Approaches to Evaluating Welfare Reform: Lessons from Five State Demonstrations. B. ALTERNATIVE DESIGNS FOR IMPACT EVALUATIONS


With only a few exceptions, the terms and conditions for welfare reform demonstrations in the 1990s have required evaluations based on an experimental design. (The most notable exception, the evaluation of Wisconsin's WNW demonstration, is discussed later in this chapter and elsewhere in this report). To assess the advantages and limitations of an experimental design, it is helpful to identify the key features of this design and several nonexperimental designs:

  • Experimental Design. Within selected research sites in which the reform program and the pre-reform program are operating side by side, target cases are randomly assigned to experimental status (the reform program) or control status (the pre-reform program). For the welfare reform demonstration evaluations, the target cases are ongoing welfare recipients and new applicants for assistance. Random assignment ensures that the experimental and control cases are alike, on average, in all respects except for the welfare program rules that they face. Thus, differences in average outcomes for the two groups can be attributed to the reform program. This type of design is said to have a high level of internal validity.
  • Self-Selected Comparison Group Design. This design typically is used to compare two versions of a program operating side by side, when target cases are permitted to choose which program to apply for or participate in (for example, two types of training programs). It may also be used to examine the effects of a program (versus nonparticipation) when it is deemed morally or practically impossible to limit who participates. A multivariate statistical model can be used, in principle, to control for differences in characteristics between cases that select the program of interest and cases that select the alternative program, thus isolating impacts due to differences between the two programs. In practice, such a model has two important limitations: (1) the impact estimates may be sensitive to the exact specification of a statistical model (typically, little guidance is available regarding certain aspects of model specification);(2) and (2) the statistical model may do a poor job of controlling for differences in difficult- to-measure characteristics of cases or individuals, such as self-esteem and ambition, that affect the program they choose, and this limitation (known as selection bias) may bias estimates of impacts.
  • Quasi-Experimental Design. A quasi-experimental design entails the selection of one or more groups of program applicants or participants to receive the reform program (the demonstration groups) and other groups to receive the pre-reform program (the comparison groups). The demonstration and comparison groups are separated in space or time but are matched on the basis of aggregate characteristics that are believed to influence the outcomes of interest. Despite the best attempts to match demonstration and comparison groups, important differences often exist, and these may be a source of bias in impact estimates. Statistical models have the potential to control for such differences, if the differences can be measured at the individual level, but they have the same limitations in a quasi-experimental design as in a self-selected comparison group design. (The advantage of the quasi-experimental approach is that individual-level differences should be smaller.) However, the key disadvantage of the quasi- experimental design is that any site-level (or time-period-specific) differences that affect outcomes may be confounded with the effect of the program. (Examples could include differences in economic climate or program administration.) The problem in this instance is not that the differences are difficult to observe, but that they only vary across sites (or time periods), and the number of sites (periods) is generally too small to allow all of these factors to be controlled for. Additional information on quasi- experimental designs is provided in Section B.3.

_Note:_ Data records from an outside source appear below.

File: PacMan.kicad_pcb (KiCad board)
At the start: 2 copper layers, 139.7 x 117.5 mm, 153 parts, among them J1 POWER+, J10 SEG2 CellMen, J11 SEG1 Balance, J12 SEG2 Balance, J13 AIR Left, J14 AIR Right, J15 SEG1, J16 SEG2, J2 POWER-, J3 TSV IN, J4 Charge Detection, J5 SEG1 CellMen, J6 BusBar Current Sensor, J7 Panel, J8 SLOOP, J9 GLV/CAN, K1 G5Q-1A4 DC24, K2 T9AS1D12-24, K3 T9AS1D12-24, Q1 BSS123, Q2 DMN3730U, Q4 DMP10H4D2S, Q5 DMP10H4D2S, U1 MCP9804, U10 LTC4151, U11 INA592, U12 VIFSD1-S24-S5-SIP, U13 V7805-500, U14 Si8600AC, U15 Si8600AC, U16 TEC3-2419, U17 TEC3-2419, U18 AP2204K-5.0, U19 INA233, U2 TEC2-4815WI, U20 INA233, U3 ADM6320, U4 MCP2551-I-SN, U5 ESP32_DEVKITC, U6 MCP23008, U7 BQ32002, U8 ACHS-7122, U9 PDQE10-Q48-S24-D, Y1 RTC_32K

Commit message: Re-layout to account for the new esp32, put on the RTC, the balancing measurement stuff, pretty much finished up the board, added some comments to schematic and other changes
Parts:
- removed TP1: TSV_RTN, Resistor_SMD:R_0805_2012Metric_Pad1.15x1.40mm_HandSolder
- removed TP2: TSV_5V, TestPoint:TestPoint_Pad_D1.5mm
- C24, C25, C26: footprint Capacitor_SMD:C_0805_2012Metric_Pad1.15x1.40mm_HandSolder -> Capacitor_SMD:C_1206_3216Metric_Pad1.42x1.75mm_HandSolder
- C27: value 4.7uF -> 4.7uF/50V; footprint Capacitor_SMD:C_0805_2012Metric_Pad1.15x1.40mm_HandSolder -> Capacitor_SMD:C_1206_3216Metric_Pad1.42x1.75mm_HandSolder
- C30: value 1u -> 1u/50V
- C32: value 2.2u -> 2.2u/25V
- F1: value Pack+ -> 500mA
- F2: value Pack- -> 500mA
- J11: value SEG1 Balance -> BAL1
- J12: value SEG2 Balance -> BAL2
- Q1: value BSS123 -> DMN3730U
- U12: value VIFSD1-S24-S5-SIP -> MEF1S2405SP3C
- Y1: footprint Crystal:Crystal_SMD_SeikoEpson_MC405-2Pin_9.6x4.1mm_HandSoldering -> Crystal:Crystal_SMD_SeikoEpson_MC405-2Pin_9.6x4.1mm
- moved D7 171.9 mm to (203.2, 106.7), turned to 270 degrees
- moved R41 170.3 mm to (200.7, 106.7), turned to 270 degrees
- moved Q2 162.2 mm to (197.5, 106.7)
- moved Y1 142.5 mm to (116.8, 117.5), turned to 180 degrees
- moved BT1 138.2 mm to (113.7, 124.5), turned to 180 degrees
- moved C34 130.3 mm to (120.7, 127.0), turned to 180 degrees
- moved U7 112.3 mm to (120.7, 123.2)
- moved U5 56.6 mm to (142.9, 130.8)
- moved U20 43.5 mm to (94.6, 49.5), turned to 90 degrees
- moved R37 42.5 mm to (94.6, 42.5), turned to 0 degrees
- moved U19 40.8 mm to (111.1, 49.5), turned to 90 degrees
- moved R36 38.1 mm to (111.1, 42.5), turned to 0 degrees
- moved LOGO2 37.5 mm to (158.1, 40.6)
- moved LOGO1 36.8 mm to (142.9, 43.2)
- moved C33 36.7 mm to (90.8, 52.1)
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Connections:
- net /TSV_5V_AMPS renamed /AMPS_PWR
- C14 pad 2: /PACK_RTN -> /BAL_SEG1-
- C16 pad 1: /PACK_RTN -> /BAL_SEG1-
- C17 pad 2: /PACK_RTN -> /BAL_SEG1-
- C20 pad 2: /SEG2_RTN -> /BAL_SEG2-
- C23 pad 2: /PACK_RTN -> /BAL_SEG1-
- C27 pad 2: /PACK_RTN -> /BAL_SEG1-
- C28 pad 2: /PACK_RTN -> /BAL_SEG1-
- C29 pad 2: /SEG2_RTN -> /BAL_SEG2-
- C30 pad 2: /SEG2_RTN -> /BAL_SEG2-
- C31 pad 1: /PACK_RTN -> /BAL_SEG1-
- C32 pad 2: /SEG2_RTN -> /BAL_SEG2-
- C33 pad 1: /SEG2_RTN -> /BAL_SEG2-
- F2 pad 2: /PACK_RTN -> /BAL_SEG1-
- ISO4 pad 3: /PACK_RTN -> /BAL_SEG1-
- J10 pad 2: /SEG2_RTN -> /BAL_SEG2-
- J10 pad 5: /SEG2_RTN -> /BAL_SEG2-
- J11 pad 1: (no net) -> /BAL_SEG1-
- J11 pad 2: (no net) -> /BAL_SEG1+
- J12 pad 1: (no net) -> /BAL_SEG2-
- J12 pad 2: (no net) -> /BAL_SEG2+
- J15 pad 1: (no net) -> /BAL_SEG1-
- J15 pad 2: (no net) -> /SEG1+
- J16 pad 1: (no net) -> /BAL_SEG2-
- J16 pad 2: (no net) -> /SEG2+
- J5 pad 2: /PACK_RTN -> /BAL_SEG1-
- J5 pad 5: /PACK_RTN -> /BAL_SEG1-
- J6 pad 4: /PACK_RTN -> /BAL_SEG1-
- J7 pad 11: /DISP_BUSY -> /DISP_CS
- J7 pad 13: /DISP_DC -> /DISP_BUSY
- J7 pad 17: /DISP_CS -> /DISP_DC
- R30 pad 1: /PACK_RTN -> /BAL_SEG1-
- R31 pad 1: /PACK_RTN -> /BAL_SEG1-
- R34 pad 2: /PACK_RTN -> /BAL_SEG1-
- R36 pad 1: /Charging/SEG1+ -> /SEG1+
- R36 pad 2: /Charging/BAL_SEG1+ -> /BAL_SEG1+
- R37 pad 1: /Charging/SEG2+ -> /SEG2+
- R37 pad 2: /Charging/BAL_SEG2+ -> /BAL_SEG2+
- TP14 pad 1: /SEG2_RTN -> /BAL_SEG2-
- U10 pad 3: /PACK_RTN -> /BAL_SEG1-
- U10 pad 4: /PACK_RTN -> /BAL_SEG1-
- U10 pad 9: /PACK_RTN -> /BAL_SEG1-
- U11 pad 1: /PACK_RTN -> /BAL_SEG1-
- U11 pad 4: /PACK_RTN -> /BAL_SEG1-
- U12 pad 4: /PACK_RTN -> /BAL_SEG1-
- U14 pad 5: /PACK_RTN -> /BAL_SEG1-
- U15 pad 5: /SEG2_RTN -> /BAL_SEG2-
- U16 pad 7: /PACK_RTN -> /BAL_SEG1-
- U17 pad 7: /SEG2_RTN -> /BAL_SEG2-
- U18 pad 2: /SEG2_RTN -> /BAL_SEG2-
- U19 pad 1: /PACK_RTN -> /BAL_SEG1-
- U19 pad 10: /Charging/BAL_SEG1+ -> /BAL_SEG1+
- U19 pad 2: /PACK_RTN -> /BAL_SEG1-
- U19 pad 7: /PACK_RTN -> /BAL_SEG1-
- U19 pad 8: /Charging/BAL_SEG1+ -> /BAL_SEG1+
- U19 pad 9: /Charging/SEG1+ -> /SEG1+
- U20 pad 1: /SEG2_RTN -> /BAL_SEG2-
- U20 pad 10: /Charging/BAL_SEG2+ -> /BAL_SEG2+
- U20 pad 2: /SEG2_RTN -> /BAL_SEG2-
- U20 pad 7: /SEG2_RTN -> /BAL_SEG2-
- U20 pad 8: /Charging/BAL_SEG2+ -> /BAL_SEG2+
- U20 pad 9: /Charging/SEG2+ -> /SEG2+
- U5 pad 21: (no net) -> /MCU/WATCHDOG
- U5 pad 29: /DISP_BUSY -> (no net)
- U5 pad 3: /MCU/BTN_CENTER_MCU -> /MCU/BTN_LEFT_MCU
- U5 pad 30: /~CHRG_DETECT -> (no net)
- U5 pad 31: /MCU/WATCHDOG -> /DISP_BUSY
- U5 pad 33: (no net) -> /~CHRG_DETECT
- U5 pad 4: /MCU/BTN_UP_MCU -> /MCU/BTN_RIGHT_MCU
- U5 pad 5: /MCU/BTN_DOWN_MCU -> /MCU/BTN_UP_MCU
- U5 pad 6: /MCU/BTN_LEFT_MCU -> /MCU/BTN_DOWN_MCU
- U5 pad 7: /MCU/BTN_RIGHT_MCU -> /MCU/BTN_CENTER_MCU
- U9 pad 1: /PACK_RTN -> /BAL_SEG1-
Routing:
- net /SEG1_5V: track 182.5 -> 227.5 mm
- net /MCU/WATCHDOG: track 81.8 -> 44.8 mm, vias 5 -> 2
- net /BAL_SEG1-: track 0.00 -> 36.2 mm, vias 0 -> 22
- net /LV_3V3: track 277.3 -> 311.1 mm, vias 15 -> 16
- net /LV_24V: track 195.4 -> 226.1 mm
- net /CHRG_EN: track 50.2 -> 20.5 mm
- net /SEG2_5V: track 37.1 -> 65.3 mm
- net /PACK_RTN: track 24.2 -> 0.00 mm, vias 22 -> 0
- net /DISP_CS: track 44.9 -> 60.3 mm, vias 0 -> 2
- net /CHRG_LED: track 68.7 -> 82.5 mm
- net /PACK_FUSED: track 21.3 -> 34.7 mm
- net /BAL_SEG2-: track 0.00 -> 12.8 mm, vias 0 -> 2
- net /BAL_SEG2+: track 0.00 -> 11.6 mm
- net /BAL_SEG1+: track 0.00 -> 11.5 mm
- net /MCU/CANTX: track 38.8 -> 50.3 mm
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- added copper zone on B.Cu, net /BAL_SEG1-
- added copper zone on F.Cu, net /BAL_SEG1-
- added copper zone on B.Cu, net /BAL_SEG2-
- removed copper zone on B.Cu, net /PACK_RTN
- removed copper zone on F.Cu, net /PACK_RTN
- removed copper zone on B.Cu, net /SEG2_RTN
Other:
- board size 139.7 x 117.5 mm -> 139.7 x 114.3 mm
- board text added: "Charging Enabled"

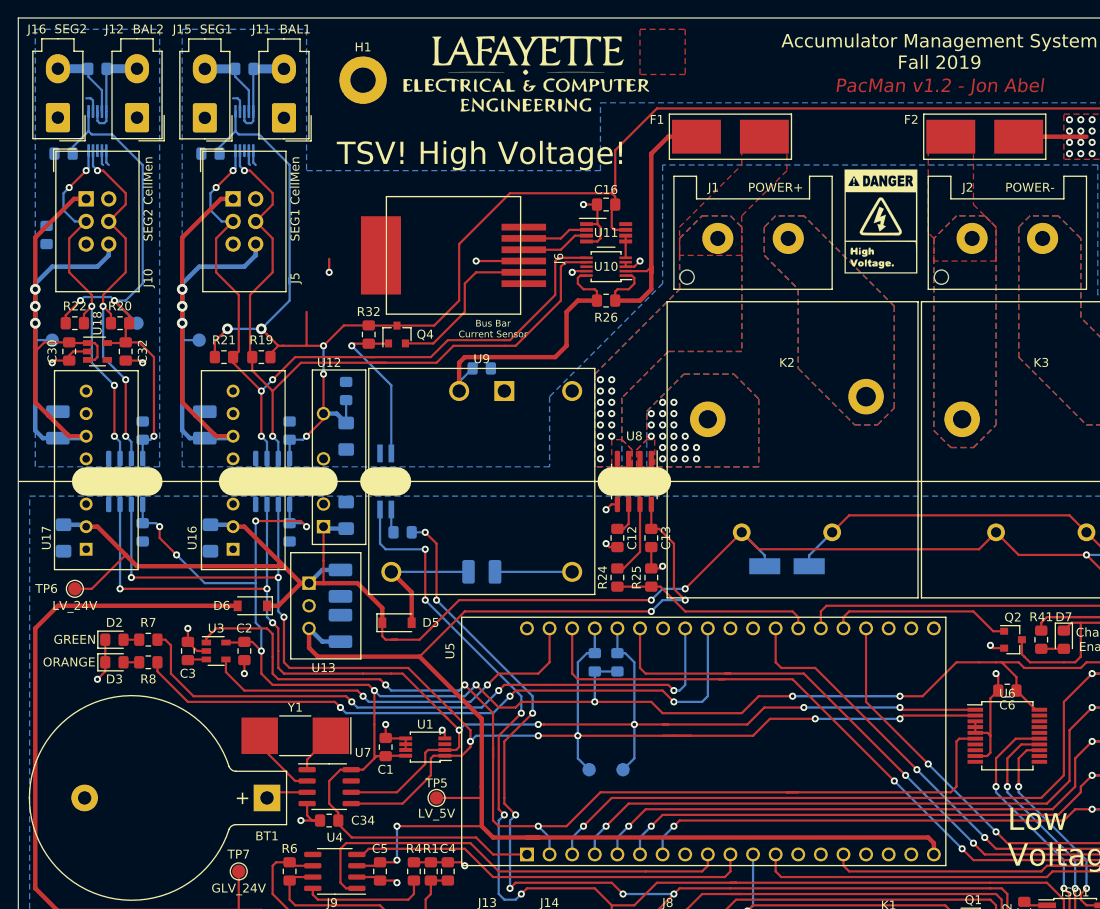
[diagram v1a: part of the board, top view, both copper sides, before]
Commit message: switched some ESP32 pins around, hopefully fixed some grounding stuff, cleaned up schematic naming slightly
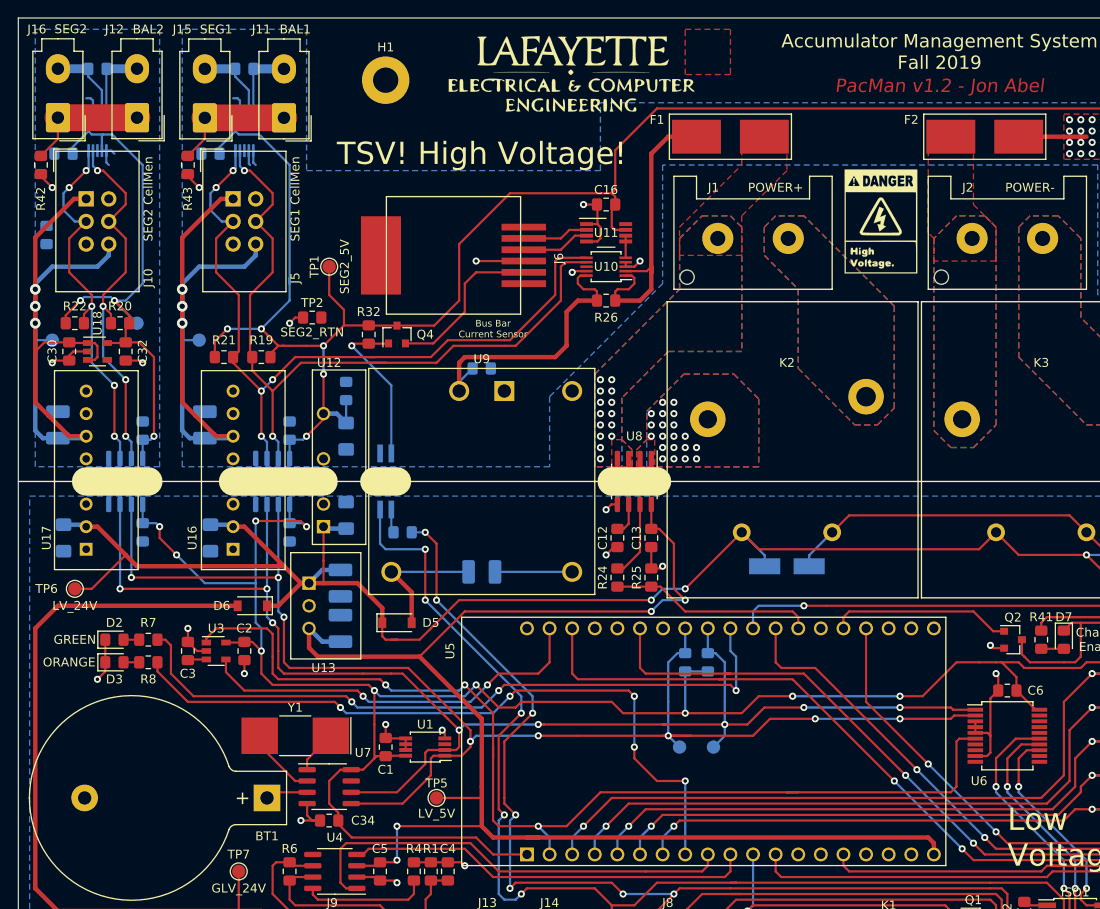
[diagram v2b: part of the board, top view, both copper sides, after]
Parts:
- added R42: 10k, Resistor_SMD:R_0805_2012Metric_Pad1.15x1.40mm_HandSolder, F.Cu at (88.3, 53.3)
- added R43: 10k, Resistor_SMD:R_0805_2012Metric_Pad1.15x1.40mm_HandSolder, F.Cu at (104.8, 53.3)
- added TP1: SEG2_5V, TestPoint:TestPoint_Pad_D1.5mm, F.Cu at (120.7, 64.8)
- added TP2: SEG2_RTN, Resistor_SMD:R_0805_2012Metric_Pad1.15x1.40mm_HandSolder, F.Cu at (118.7, 70.5)
- moved TP9 10.5 mm to (163.8, 118.7)
- moved TP8 10.5 mm to (160.0, 118.7)
- moved R23 10.2 mm to (160.7, 109.2)
- moved R27 10.2 mm to (163.2, 109.2)
- moved LOGO1 5.08 mm to (148.0, 43.2)
- moved LOGO2 5.08 mm to (163.2, 40.6)
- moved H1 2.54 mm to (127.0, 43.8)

The first major application of an experimental design in social welfare policy research was to evaluate the negative income tax experiments of the late 1960s and early 1970s (Burtless and Hausman 1978; and Keeley et al. 1978). Since that time, there have been many social welfare policy evaluations based on experimental designs (Greenberg and Shroder 1991). The number and diversity of these evaluations have been increasing in recent years. Using data on several of these evaluations, methodological studies were conducted to determine whether nonexperimental evaluation methods could yield impact estimates similar in sign and magnitude to those generated by experimental methods (LaLonde 1986; Fraker and Maynard 1987; and Heckman and Hotz 1989). The interpretation of the findings from these studies remains controversial (Heckman and Smith 1995). The most common conclusion, however, is that nonexperimental estimators frequently provide different results than would be found in an experimental evaluation, and are therefore biased. Furthermore, the nonexperimental results are sensitive to minor changes in model specification. Thus, experimental estimators are preferred (Burtless 1995; and Friedlander and Robins 1995). DHHS shares this conclusion, as shown by the strong preference it exhibited for experimental evaluations of the welfare reform waiver demonstrations. In special circumstances, however, it approved alternative designs for evaluations of waiver demonstrations.

Despite the methodological strength of an experimental design, the difficulty of implementing such a design sometimes may limit its usefulness. In addition, there may be nontechnical reasons for preferring an alternative design (such as considerations of cost or fairness). The next two subsections consider the advantages and limitations of an experimental design, with particular emphasis on the needs of the impact analysis component of an evaluation. The third and final subsection defines various permutations of a quasi-experimental design and discusses when such a design might be desirable.